--- Exercise description ---
Search the entries below for "Boss" and copy each matching line.

>>>

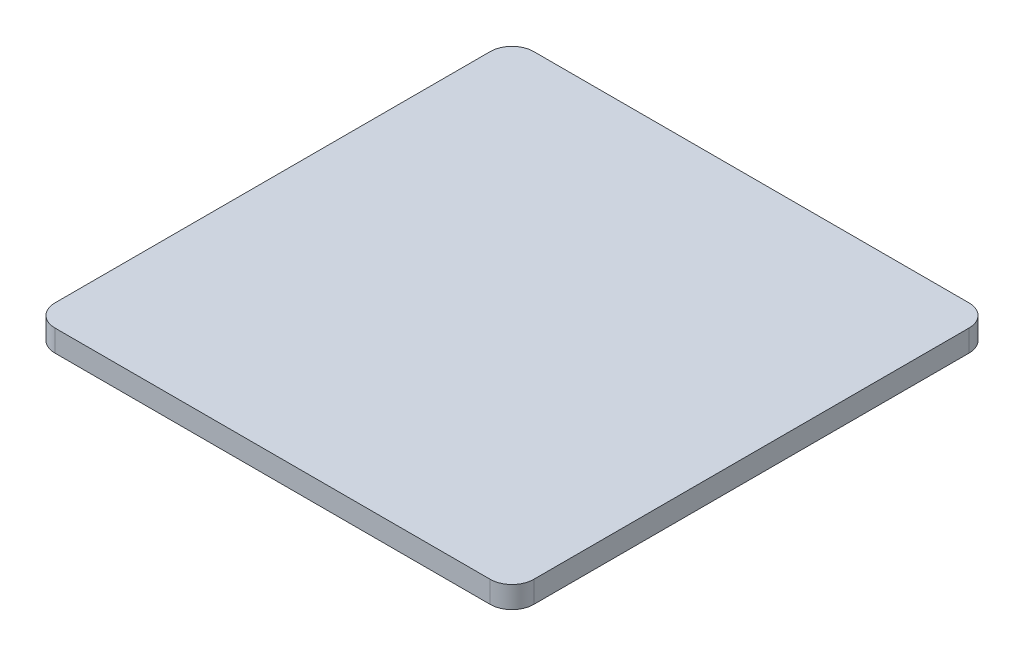
SolidWorks part; units mm, degrees
ref_plane "Front Plane" through (0, 0, 0) normal (0, 0, 1) x (1, 0, 0)
ref_plane "Top Plane" through (0, 0, 0) normal (0, 1, 0) x (1, 0, 0)
ref_plane "Right Plane" through (0, 0, 0) normal (1, 0, 0) x (0, 0, -1)
sketch "Sketch1" plane through (0, 0, 0) normal (0, 1, 0) x (1, 0, 0)
  line L1 (-110, -110) -> (110, -110)
  line L2 (-110, -110) -> (-110, 110)
  line L3 (-110, 110) -> (110, 110)
  line L4 (110, -110) -> (110, 110)
  line L5 (-110, -110) -> (110, 110) construction
  line L6 (-110, 110) -> (110, -110) construction
  point P0 (0, 0)
  dimension "D1" = 220
extrude "Boss-Extrude1" add sketch "Sketch1" along normal blind 10
fillet "Fillet1" radius 10 4 edges at (-110, 5, 110) (110, 5, 110) (110, 5, -110) (-110, 5, -110)
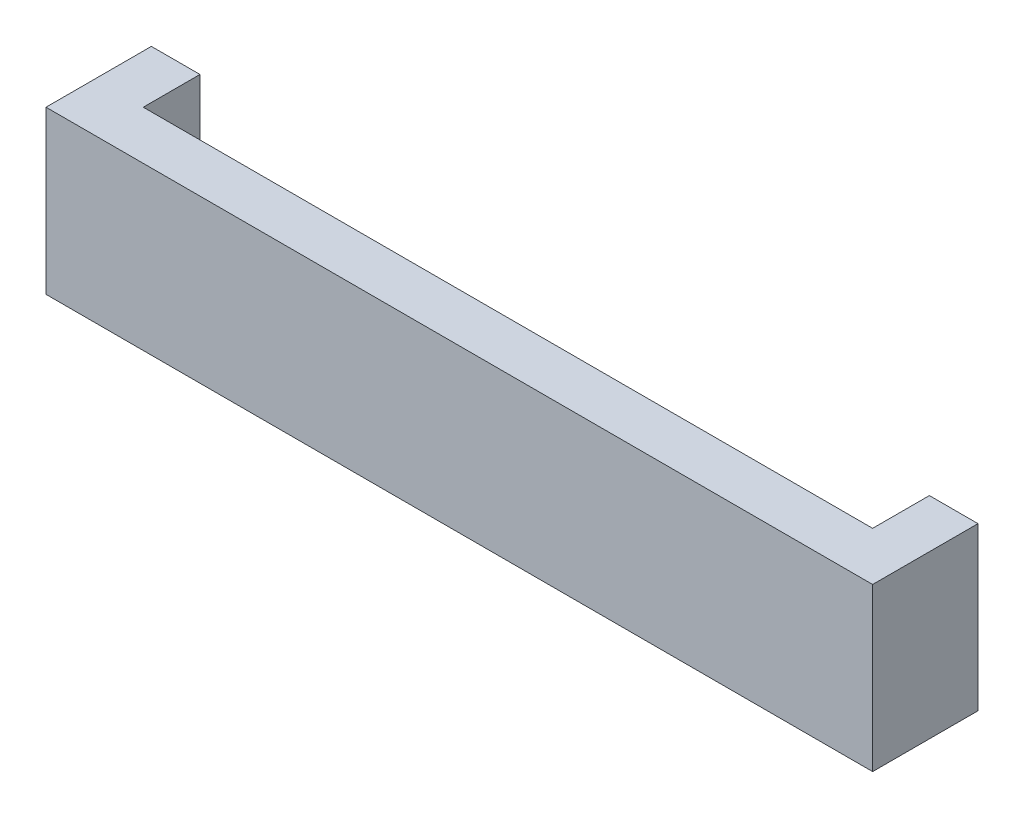
SolidWorks part; units mm, degrees
ref_plane "Front Plane" through (0, 0, 0) normal (0, 0, 1) x (1, 0, 0)
ref_plane "Top Plane" through (0, 0, 0) normal (0, 1, 0) x (1, 0, 0)
ref_plane "Right Plane" through (0, 0, 0) normal (1, 0, 0) x (0, 0, -1)
sketch "Sketch1" plane through (0, 0, 0) normal (0, 0, 1) x (1, 0, 0)
  line L1 (-25.5, -5) -> (25.5, -5)
  line L2 (-25.5, -5) -> (-25.5, 5)
  line L3 (-25.5, 5) -> (25.5, 5)
  line L4 (25.5, -5) -> (25.5, 5)
  line L5 (-25.5, -5) -> (25.5, 5) construction
  line L6 (-25.5, 5) -> (25.5, -5) construction
  point P0 (0, 0)
  dimension "D1" = 51
  dimension "D2" = 10
extrude "Boss-Extrude1" add sketch "Sketch1" along normal blind 6.5
sketch "Sketch2" plane through (0, -5, 0) normal (0, -1, 0) x (1, 0, 0)
  line L1 (-25.5, 0) -> (25.5, 0) construction
  line L2 (-22.5, 0) -> (-22.5, 3.5)
  line L3 (-22.5, 3.5) -> (22.5, 3.5)
  line L4 (22.5, 3.5) -> (22.5, 0)
  line L5 (22.5, 0) -> (-22.5, 0)
extrude "Cut-Extrude1" cut sketch "Sketch2" against normal blind 10

<<<

--- Reply to the task ---
extrude "Boss-Extrude1" add sketch "Sketch1" along normal blind 10
extrude "Boss-Extrude1" add sketch "Sketch1" along normal blind 6.5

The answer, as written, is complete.